- _WHAT THE TASK REQUIRES_: From the records below, transcribe only the lines running from the one with "- SW2 pad 1: Net-(D2-A) -> Net-(D2-K)" through the one with "- U1 pad 14: unconnected-(U1-GPIO10-Pad14)". Keep both of those end lines.

- _DATA SUPPLIED_:
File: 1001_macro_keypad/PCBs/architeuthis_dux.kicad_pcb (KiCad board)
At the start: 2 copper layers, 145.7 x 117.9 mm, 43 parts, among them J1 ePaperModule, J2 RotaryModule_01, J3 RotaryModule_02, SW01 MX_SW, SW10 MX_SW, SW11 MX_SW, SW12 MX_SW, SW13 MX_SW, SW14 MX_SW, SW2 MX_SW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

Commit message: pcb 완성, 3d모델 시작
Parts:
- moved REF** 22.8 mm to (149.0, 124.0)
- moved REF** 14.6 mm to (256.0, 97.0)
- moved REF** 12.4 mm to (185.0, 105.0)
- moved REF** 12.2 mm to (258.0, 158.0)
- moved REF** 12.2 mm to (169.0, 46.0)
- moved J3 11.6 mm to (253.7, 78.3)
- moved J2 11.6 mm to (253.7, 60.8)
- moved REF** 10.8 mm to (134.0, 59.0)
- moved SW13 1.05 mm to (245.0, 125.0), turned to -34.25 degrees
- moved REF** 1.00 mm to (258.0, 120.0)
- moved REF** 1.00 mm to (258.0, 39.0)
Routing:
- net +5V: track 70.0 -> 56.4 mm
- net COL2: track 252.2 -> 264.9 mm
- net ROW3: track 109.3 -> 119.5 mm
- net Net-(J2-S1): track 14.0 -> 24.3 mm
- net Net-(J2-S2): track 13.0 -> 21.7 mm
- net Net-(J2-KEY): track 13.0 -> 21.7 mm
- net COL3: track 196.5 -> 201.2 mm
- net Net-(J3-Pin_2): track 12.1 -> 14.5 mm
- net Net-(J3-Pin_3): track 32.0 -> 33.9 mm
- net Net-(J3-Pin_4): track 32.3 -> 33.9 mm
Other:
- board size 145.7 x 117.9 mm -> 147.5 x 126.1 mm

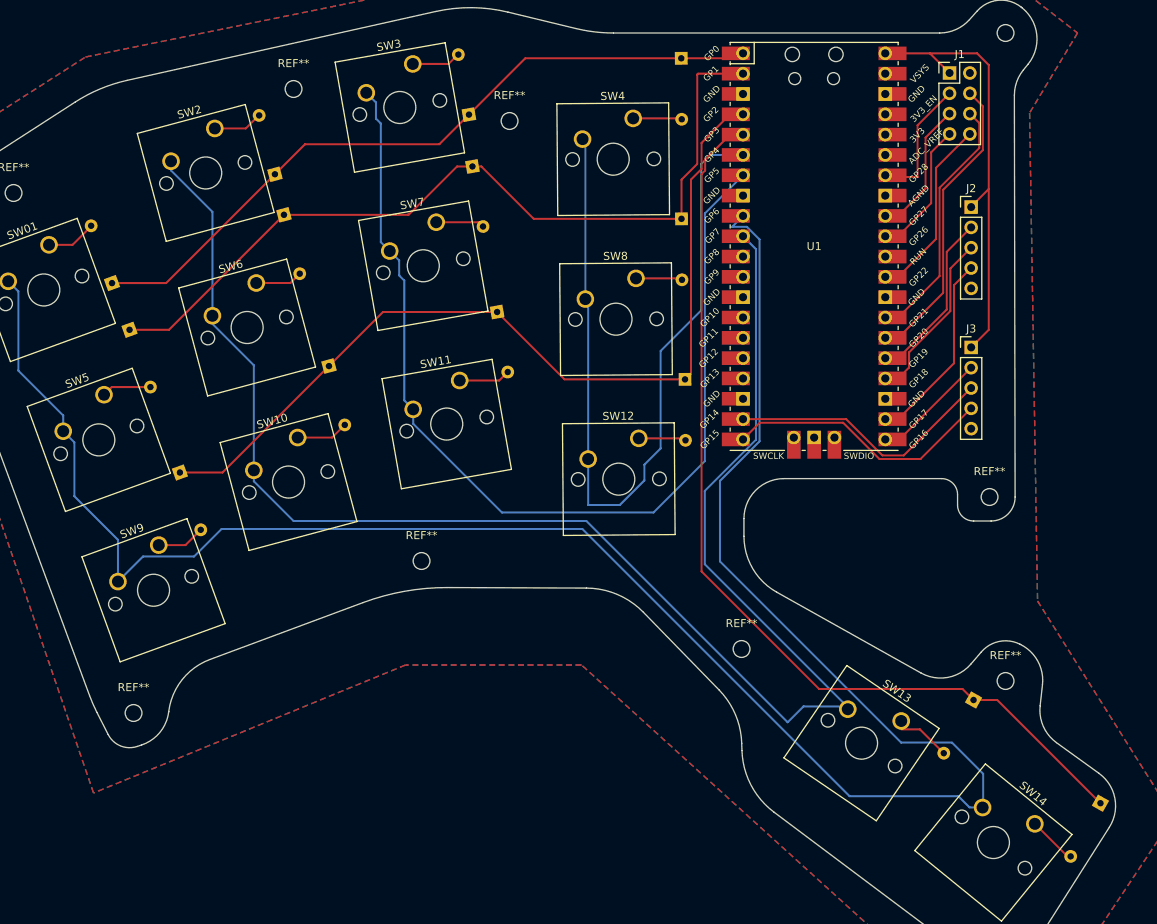
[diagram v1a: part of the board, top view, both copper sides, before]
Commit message: 펌웨어 추가, 다이오드 방향 변경 및 재배선
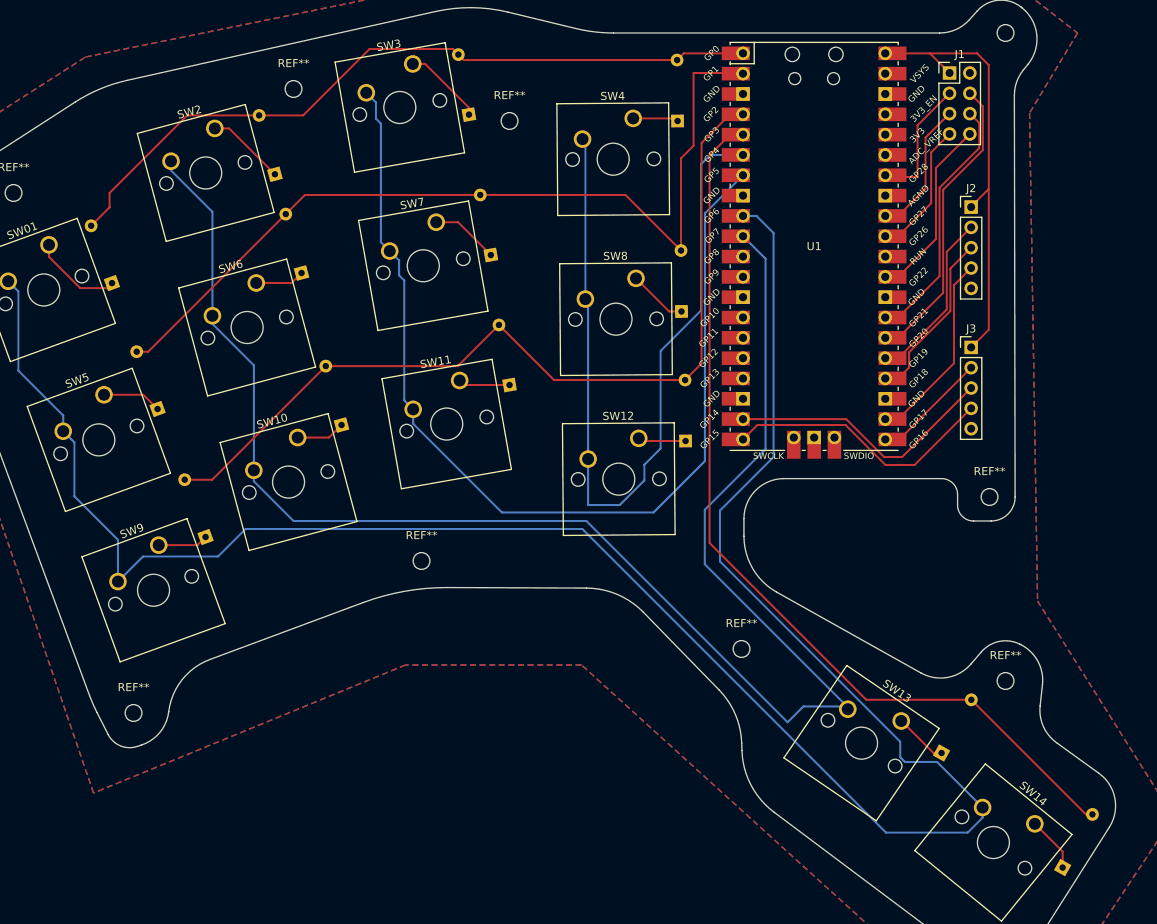
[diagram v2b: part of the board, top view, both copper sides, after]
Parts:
- moved D8 11.6 mm to (217.5, 73.8), turned to 90.45 degrees
- moved D7 11.3 mm to (193.7, 66.8), turned to 100 degrees
- moved D5 10.5 mm to (152.0, 86.0), turned to 110 degrees
- moved D14 9.33 mm to (265.1, 143.3), turned to 60.75 degrees
- moved D11 9.26 mm to (196.0, 83.0), turned to 100 degrees
- moved D9 8.67 mm to (158.0, 102.0), turned to 110 degrees
- moved D4 7.85 mm to (217.0, 50.0), turned to 90.45 degrees
- moved D13 7.74 mm to (250.0, 129.0), turned to 60.75 degrees
- moved D12 7.70 mm to (218.0, 90.0), turned to 90.45 degrees
- moved D6 7.60 mm to (170.0, 69.0), turned to 105 degrees
- moved D10 7.54 mm to (175.0, 88.0), turned to 105 degrees
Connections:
- D1 pad 1: ROW0 -> Net-(D1-K)
- D1 pad 2: Net-(D1-A) -> ROW0
- D10 pad 1: ROW2 -> Net-(D10-K)
- D10 pad 2: Net-(D10-A) -> ROW2
- D11 pad 1: ROW2 -> Net-(D11-K)
- D11 pad 2: Net-(D11-A) -> ROW2
- D12 pad 1: ROW2 -> Net-(D12-K)
- D12 pad 2: Net-(D12-A) -> ROW2
- D13 pad 1: ROW3 -> Net-(D13-K)
- D13 pad 2: Net-(D13-A) -> ROW3
- D14 pad 1: ROW3 -> Net-(D14-K)
- D14 pad 2: Net-(D14-A) -> ROW3
- D2 pad 1: ROW0 -> Net-(D2-K)
- D2 pad 2: Net-(D2-A) -> ROW0
- D3 pad 1: ROW0 -> Net-(D3-K)
- D3 pad 2: Net-(D3-A) -> ROW0
- D4 pad 1: ROW0 -> Net-(D4-K)
- D4 pad 2: Net-(D4-A) -> ROW0
- D5 pad 1: ROW1 -> Net-(D5-K)
- D5 pad 2: Net-(D5-A) -> ROW1
- D6 pad 1: ROW1 -> Net-(D6-K)
- D6 pad 2: Net-(D6-A) -> ROW1
- D7 pad 1: ROW1 -> Net-(D7-K)
- D7 pad 2: Net-(D7-A) -> ROW1
- D8 pad 1: ROW1 -> Net-(D8-K)
- D8 pad 2: Net-(D8-A) -> ROW1
- D9 pad 1: ROW2 -> Net-(D9-K)
- D9 pad 2: Net-(D9-A) -> ROW2
- SW01 pad 1: Net-(D1-A) -> Net-(D1-K)
- SW10 pad 1: Net-(D10-A) -> Net-(D10-K)
- SW11 pad 1: Net-(D11-A) -> Net-(D11-K)
- SW12 pad 1: Net-(D12-A) -> Net-(D12-K)
- SW13 pad 1: Net-(D13-A) -> Net-(D13-K)
- SW14 pad 1: Net-(D14-A) -> Net-(D14-K)
- SW2 pad 1: Net-(D2-A) -> Net-(D2-K)
- SW3 pad 1: Net-(D3-A) -> Net-(D3-K)
- SW4 pad 1: Net-(D4-A) -> Net-(D4-K)
- SW5 pad 1: Net-(D5-A) -> Net-(D5-K)
- SW6 pad 1: Net-(D6-A) -> Net-(D6-K)
- SW7 pad 1: Net-(D7-A) -> Net-(D7-K)
- SW8 pad 1: Net-(D8-A) -> Net-(D8-K)
- SW9 pad 1: Net-(D9-A) -> Net-(D9-K)
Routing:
- net Net-(D1-K): track 0.00 -> 11.3 mm
- net Net-(D3-K): track 0.00 -> 10.2 mm
- net Net-(D2-K): track 0.00 -> 9.89 mm
- net Net-(D7-K): track 0.00 -> 8.53 mm
- net Net-(D5-K): track 0.00 -> 7.43 mm
- net Net-(D8-K): track 0.00 -> 7.40 mm
- net Net-(D14-K): track 0.00 -> 6.90 mm
- net Net-(D13-K): track 0.00 -> 6.70 mm
- net Net-(D13-A): track 6.55 -> 0.00 mm
- net Net-(D10-A): track 6.54 -> 0.00 mm
- net Net-(D11-K): track 0.00 -> 6.47 mm
- net Net-(D1-A): track 6.46 -> 0.00 mm
- net Net-(D11-A): track 6.44 -> 0.00 mm
- net Net-(D9-K): track 0.00 -> 6.27 mm
- net Net-(D2-A): track 6.22 -> 0.00 mm
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
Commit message: epaper 테스트
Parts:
- removed the REF** at (327.1, 85.0)
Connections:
- J1 pad 1: +5V -> VSYS
- U1 pad 36: unconnected-(U1-3V3-Pad36) -> +5V
- U1 pad 39: unconnected-(U1-VSYS-Pad39) -> VSYS
- U1 pad 40: +5V -> unconnected-(U1-VBUS-Pad40)
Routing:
- net +5V: track 56.4 -> 70.8 mm
- net VSYS: track 0.00 -> 8.07 mm
- net COL2: track 267.0 -> 267.8 mm, vias 0 -> 1
- net COL3: vias 0 -> 1

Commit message: 설계 픽스 및 모델링 작업 시작
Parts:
- added REF**: MountingHole_2.1mm, MountingHole:MountingHole_2.1mm, F.Cu at (172.1, 62.9)
- added REF**: MountingHole_2.1mm, MountingHole:MountingHole_2.1mm, F.Cu at (193.0, 104.1)
- added REF**: MountingHole_2.1mm, MountingHole:MountingHole_2.1mm, F.Cu at (217.3, 106.9)
- added REF**: MountingHole_2.1mm, MountingHole:MountingHole_2.1mm, F.Cu at (197.0, 65.5)
- moved REF** 15.2 mm to (170.1, 107.9)
- moved D11 5.59 mm to (197.0, 88.5)
- moved REF** 5.54 mm to (229.5, 119.3)
- moved REF 3.20 mm to (258.5, 95.0)
- renumbered REF** to REF
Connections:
- U1 pad 11: unconnected-(U1-GPIO8-Pad11) -> Net-(J2-KEY)
- U1 pad 12: unconnected-(U1-GPIO9-Pad12) -> Net-(J2-S2)
- U1 pad 14: unconnected-(U1-GPIO10-Pad14) -> Net-(J2-S1)
- U1 pad 17: unconnected-(U1-GPIO13-Pad17) -> Net-(J3-Pin_2)
- U1 pad 21: Net-(J3-Pin_2) -> Net-(J1-SDA)
- U1 pad 22: Net-(J2-S1) -> Net-(J1-GND)
- U1 pad 24: Net-(J2-S2) -> Net-(J1-CS)
- U1 pad 25: Net-(J2-KEY) -> Net-(J1-D/C)
- U1 pad 26: Net-(J1-CS) -> Net-(J1-SCL)
- U1 pad 27: Net-(J1-SDA) -> Net-(J1-VCC)
- U1 pad 29: Net-(J1-VCC) -> unconnected-(U1-GPIO22-Pad29)
- U1 pad 31: Net-(J1-GND) -> unconnected-(U1-GPIO26_ADC0-Pad31)
- U1 pad 32: Net-(J1-SCL) -> unconnected-(U1-GPIO27_ADC1-Pad32)
- U1 pad 34: Net-(J1-D/C) -> unconnected-(U1-GPIO28_ADC2-Pad34)
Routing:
- net Net-(J1-D/C): track 16.2 -> 48.4 mm
- net Net-(J1-CS): track 37.2 -> 62.2 mm
- net Net-(J1-GND): track 17.1 -> 39.9 mm
- net Net-(J1-SCL): track 17.1 -> 35.8 mm
- net Net-(J1-SDA): track 31.8 -> 47.0 mm
- net Net-(J3-Pin_2): track 14.5 -> 29.1 mm
- net Net-(J1-VCC): track 23.2 -> 31.7 mm
- net Net-(J2-KEY): track 21.7 -> 30.2 mm
- net Net-(J2-S2): track 21.7 -> 30.0 mm
- net Net-(J2-S1): track 24.3 -> 31.1 mm
- net ROW2: track 110.6 -> 106.3 mm
- net Net-(D11-K): track 6.47 -> 9.54 mm
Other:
- outline, holes or cut-outs redrawn

- _RESPONSE TO THE TASK_:
- SW2 pad 1: Net-(D2-A) -> Net-(D2-K)
- SW3 pad 1: Net-(D3-A) -> Net-(D3-K)
- SW4 pad 1: Net-(D4-A) -> Net-(D4-K)
- SW5 pad 1: Net-(D5-A) -> Net-(D5-K)
- SW6 pad 1: Net-(D6-A) -> Net-(D6-K)
- SW7 pad 1: Net-(D7-A) -> Net-(D7-K)
- SW8 pad 1: Net-(D8-A) -> Net-(D8-K)
- SW9 pad 1: Net-(D9-A) -> Net-(D9-K)
Routing:
- net Net-(D1-K): track 0.00 -> 11.3 mm
- net Net-(D3-K): track 0.00 -> 10.2 mm
- net Net-(D2-K): track 0.00 -> 9.89 mm
- net Net-(D7-K): track 0.00 -> 8.53 mm
- net Net-(D5-K): track 0.00 -> 7.43 mm
- net Net-(D8-K): track 0.00 -> 7.40 mm
- net Net-(D14-K): track 0.00 -> 6.90 mm
- net Net-(D13-K): track 0.00 -> 6.70 mm
- net Net-(D13-A): track 6.55 -> 0.00 mm
- net Net-(D10-A): track 6.54 -> 0.00 mm
- net Net-(D11-K): track 0.00 -> 6.47 mm
- net Net-(D1-A): track 6.46 -> 0.00 mm
- net Net-(D11-A): track 6.44 -> 0.00 mm
- net Net-(D9-K): track 0.00 -> 6.27 mm
- net Net-(D2-A): track 6.22 -> 0.00 mm

Commit message: epaper 테스트
Parts:
- removed the REF** at (327.1, 85.0)
Connections:
- J1 pad 1: +5V -> VSYS
- U1 pad 36: unconnected-(U1-3V3-Pad36) -> +5V
- U1 pad 39: unconnected-(U1-VSYS-Pad39) -> VSYS
- U1 pad 40: +5V -> unconnected-(U1-VBUS-Pad40)
Routing:
- net +5V: track 56.4 -> 70.8 mm
- net VSYS: track 0.00 -> 8.07 mm
- net COL2: track 267.0 -> 267.8 mm, vias 0 -> 1
- net COL3: vias 0 -> 1

Commit message: 설계 픽스 및 모델링 작업 시작
Parts:
- added REF**: MountingHole_2.1mm, MountingHole:MountingHole_2.1mm, F.Cu at (172.1, 62.9)
- added REF**: MountingHole_2.1mm, MountingHole:MountingHole_2.1mm, F.Cu at (193.0, 104.1)
- added REF**: MountingHole_2.1mm, MountingHole:MountingHole_2.1mm, F.Cu at (217.3, 106.9)
- added REF**: MountingHole_2.1mm, MountingHole:MountingHole_2.1mm, F.Cu at (197.0, 65.5)
- moved REF** 15.2 mm to (170.1, 107.9)
- moved D11 5.59 mm to (197.0, 88.5)
- moved REF** 5.54 mm to (229.5, 119.3)
- moved REF 3.20 mm to (258.5, 95.0)
- renumbered REF** to REF
Connections:
- U1 pad 11: unconnected-(U1-GPIO8-Pad11) -> Net-(J2-KEY)
- U1 pad 12: unconnected-(U1-GPIO9-Pad12) -> Net-(J2-S2)
- U1 pad 14: unconnected-(U1-GPIO10-Pad14) -> Net-(J2-S1)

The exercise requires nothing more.